Lessons In Modern Feminism From NYC's Coolest Entrepreneurs

We're going to call a spade a spade here, dear reader: As much advancement as we've seen for womenkind in the last century, we're still not satisfied. Sure, record numbers of us are kicking ass in the workplace, but we're still being stifled by lesser pay and an overarching inequality. While many have attempted to right this wrong, few are doing it in as innovative a way as Rachel Sklar and Glynnis MacNicol, founders of the email listserv and Web community TheLi.st. (Think of it as a sort of LinkedIn-meets-Facebook, all with the goal of helping women help each other.)
"There is a lot of money to be made by taking women seriously," said MacNicol (left) when we visited their downtown Manhattan corner office. "We dare to be proof of that philosophy." While their company may still be getting off the ground (thanks in large part to some lucrative new funding), the cofounders are very much successes in their own right — Sklar, a self-described "Agitatrix" (our new favorite term), is a lawyer-turned-media-writer-turned tech superstar, and helped to launch Huffington Post and Mediaite; MacNicol is a seasoned media vet who's written for everything from HuffPo to FishbowlNY. And for all of their experience, they've got spunk and go-getter-ness twofold — something they're working to impart on the rest of us ladies.

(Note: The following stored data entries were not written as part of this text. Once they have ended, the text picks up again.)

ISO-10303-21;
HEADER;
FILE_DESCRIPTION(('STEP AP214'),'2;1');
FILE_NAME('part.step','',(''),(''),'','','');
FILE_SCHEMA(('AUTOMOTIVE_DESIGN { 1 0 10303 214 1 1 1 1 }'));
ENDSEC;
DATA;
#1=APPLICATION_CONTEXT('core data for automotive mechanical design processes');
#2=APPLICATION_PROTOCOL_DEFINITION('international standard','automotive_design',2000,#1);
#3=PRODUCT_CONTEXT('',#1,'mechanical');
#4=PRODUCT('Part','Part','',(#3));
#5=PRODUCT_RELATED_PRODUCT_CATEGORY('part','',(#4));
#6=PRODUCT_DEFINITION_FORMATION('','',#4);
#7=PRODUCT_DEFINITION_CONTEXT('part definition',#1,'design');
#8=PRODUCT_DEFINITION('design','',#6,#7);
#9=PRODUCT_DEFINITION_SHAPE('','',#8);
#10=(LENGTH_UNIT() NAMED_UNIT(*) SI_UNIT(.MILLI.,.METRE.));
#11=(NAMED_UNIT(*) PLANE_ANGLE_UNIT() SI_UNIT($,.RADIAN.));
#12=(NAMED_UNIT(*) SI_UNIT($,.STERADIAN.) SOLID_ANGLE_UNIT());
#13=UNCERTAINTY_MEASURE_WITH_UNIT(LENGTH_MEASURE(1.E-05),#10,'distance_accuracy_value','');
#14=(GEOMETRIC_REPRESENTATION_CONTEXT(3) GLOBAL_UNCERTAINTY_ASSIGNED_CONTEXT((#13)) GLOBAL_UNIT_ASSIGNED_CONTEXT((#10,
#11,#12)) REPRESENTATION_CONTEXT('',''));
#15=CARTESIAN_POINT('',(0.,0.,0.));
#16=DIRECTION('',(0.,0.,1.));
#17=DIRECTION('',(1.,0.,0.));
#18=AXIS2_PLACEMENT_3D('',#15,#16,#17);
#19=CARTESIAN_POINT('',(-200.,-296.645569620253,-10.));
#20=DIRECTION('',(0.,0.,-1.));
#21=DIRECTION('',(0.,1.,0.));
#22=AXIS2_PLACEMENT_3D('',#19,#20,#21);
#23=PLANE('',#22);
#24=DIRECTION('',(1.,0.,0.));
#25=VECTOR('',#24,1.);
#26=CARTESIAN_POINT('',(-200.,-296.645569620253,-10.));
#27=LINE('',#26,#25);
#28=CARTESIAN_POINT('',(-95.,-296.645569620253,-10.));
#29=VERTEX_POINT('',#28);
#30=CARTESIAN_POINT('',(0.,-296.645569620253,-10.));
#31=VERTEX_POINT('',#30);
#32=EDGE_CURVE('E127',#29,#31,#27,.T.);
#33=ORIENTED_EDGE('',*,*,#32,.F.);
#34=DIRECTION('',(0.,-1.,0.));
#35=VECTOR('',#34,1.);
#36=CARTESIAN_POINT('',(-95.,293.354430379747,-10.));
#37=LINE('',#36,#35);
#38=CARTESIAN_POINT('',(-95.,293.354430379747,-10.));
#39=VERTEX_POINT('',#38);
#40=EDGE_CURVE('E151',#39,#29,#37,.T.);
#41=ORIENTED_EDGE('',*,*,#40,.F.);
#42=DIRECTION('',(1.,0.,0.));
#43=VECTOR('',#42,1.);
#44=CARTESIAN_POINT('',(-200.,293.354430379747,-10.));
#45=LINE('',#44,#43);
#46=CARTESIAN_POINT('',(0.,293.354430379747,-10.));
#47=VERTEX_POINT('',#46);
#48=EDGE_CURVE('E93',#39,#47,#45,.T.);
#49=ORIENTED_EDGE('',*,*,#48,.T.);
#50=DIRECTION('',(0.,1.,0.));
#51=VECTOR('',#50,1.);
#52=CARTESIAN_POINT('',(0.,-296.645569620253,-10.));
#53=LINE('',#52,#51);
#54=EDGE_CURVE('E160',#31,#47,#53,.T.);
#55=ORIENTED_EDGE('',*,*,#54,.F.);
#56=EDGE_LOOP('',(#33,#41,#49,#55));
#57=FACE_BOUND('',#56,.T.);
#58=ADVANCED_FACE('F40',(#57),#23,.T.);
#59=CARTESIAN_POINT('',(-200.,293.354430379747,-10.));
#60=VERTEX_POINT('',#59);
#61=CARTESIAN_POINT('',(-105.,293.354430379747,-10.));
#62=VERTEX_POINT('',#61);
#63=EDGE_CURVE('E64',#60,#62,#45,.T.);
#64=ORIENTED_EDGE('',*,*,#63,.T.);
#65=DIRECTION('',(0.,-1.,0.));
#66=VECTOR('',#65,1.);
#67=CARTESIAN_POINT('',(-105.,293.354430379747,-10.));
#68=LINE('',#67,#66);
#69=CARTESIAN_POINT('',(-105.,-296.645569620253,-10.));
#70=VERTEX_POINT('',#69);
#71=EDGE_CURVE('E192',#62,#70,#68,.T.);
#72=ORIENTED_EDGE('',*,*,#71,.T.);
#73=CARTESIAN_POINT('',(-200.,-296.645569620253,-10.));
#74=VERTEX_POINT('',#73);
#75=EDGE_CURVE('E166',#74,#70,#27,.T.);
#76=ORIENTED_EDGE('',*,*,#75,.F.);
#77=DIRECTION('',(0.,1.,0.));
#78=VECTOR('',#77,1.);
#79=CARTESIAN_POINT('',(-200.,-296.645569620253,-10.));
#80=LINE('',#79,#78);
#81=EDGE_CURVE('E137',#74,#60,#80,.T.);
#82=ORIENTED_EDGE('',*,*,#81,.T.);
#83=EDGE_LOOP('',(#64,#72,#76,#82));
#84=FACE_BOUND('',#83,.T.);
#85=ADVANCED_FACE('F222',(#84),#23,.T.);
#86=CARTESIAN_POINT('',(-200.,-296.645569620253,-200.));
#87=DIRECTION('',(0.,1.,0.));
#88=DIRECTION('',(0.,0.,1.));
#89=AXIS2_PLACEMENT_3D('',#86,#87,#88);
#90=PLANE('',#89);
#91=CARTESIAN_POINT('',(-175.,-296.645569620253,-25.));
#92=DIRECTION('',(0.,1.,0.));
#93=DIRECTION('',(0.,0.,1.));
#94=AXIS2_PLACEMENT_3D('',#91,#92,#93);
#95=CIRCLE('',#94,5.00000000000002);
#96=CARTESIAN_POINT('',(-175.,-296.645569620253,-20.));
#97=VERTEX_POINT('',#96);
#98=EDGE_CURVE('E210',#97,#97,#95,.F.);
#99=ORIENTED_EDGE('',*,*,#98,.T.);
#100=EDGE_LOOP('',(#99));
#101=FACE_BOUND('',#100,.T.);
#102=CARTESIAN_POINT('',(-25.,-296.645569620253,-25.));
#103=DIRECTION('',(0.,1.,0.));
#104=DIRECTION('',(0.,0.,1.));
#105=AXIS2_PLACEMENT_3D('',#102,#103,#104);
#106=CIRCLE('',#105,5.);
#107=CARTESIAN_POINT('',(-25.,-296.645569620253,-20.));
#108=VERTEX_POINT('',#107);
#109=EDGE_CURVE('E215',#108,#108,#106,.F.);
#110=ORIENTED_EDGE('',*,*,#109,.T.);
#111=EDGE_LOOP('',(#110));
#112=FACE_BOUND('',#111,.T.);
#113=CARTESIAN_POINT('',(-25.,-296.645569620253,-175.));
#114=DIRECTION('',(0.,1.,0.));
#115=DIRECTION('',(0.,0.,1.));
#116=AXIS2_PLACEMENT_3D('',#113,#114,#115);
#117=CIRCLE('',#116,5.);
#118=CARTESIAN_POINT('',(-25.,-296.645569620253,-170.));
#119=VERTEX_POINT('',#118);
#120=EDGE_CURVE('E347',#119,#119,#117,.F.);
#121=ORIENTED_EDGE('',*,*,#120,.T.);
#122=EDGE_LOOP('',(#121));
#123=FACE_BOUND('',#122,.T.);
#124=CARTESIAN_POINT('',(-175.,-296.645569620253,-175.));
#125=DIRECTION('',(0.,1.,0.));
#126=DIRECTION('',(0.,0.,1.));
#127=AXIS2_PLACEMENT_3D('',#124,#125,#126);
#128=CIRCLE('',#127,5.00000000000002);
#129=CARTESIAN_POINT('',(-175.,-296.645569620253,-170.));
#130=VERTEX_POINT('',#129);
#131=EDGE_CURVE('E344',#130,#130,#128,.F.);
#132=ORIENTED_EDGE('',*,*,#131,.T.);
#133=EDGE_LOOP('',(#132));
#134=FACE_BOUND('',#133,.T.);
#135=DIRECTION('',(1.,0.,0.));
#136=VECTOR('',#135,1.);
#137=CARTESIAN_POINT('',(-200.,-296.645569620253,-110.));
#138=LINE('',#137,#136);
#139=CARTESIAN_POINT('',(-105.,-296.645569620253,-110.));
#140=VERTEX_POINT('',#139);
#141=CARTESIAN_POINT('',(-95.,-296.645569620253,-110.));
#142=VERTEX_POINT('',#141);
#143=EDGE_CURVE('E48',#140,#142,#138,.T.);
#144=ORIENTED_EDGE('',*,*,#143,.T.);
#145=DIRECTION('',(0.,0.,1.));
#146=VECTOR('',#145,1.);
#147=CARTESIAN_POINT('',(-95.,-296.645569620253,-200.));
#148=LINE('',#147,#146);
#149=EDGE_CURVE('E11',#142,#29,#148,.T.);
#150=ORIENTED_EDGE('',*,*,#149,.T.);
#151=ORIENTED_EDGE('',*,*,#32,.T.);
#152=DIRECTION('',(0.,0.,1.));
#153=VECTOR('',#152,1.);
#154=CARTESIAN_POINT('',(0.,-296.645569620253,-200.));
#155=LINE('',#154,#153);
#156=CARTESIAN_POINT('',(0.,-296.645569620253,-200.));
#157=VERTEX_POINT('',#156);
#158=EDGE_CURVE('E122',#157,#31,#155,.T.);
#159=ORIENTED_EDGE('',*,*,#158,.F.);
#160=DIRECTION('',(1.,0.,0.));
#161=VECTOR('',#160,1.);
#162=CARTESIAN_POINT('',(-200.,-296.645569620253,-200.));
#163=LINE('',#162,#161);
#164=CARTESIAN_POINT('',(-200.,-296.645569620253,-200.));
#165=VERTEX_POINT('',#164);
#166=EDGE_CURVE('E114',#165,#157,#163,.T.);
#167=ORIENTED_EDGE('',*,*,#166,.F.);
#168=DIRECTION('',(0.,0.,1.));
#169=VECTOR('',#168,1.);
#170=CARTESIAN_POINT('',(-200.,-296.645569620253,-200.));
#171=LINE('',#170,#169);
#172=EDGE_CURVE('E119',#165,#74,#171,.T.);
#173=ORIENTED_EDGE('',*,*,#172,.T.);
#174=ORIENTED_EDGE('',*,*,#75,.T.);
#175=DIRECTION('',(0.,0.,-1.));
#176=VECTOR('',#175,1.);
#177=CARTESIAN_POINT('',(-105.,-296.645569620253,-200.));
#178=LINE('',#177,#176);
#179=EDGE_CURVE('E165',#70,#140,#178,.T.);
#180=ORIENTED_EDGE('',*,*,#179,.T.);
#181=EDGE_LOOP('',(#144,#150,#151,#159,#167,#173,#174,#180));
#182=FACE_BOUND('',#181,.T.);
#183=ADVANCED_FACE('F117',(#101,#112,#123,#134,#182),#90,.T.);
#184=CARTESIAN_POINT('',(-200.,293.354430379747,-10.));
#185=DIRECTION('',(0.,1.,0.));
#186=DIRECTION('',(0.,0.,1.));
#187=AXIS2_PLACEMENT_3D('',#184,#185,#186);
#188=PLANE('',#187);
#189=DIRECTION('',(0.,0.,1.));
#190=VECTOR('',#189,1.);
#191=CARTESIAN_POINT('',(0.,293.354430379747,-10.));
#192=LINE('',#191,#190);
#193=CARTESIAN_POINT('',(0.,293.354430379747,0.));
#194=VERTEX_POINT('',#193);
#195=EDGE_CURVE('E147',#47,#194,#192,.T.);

When it comes to career advice, the entrepreneurs can't stress enough the importance of valuing yourself. "The biggest problem we see [with women] is not knowing the value you bring to something and being afraid of seeming pushy," says Sklar. "A lot of it is the tacit assumption that women are more likely to help, and that it is their role to help." You probably know just the feeling — we're ingrained with the need to constantly go the extra mile; and while overachieving is a great thing, we have to get used to making our talents and success known. "Don't be scared to be vocal about what you're doing," says MacNicol. "Women tend to think our accomplishments will be recognized just implicitly, and men do not do that. It's important to articulate exactly what you're doing well."
While the work of TheLi.st (and its non-profit arm Change The Ratio) isn't a lesson in how women can be more like men (far from it), there are some things we can learn from the other half. The idea of the ol' boys club may seem like a sexist, played-out affair, there's no denying that our male counterparts seriously capitalize on relationships they have with other successful men, and that translates to big promotions and even bigger salaries. Just look at Obama and his golf partners. "It's unfortunate that the phrase 'bro-ing out' is gendered, because we need to be 'bro-ing out' all the time with our ladies," says Sklar. "But there's no 'lady-ing out' — it's interesting that the language of power is still a masculine one. We're really trying to upend that in every way we can."
Of course, as much as we all desire to have an even playing field with our male counterparts at work, we can't discount the fact that many of us will end up juggling career and family responsibilities (if we aren't already) — which is why it's up to us to find the new normal that lets us reap satisfaction from all aspects of our lives. We no longer fit neatly into the boxes of "career woman" or "stay-at-home mom," and that's a truly wonderful thing. "I actually think women are very entrepreneurial across the board because of all they have to juggle," says Sklar. "It’s more like being a MacGyver — which is why I think a lot of women come back to starting their own business later in life, particularly stay-at-home moms. If they had a career and now they’re home and they realize, ‘Huh, why doesn't someone do this or that? I'm going to do that."
So far, TheLi.st's formula of empowering and informing women while giving them the infrastructure to network and build relationships and businesses seems to be working. They have a laundry list of success stories that have been borne out of connections made on the site and at events. But, what does true success for the company mean for MacNicol and Sklar? "I think that Gloria Steinem mentioned way back when that the goal of this is to not be necessary at some point," says MacNicol. "I’m not sure that networking will never not be necessary, but the goal is if women find that they don’t need the help, that’s great. Until then, we're capitalizing on women who are higher up reaching a hand back down the ladder to help out."
It may seem to some that TheLi.st is focused solely on helping women become successful in the traditional sense of the word, but its aspirations run much deeper. Raising the income level for working women may be the easiest aspect to codify, but this goes above and beyond the boardroom — money is just a stepping stone. "Money is power and autonomy," says Sklar. "And I want women to be able to have the freedom to do whatever it is they want to do without being stuck and trapped." Hear, hear.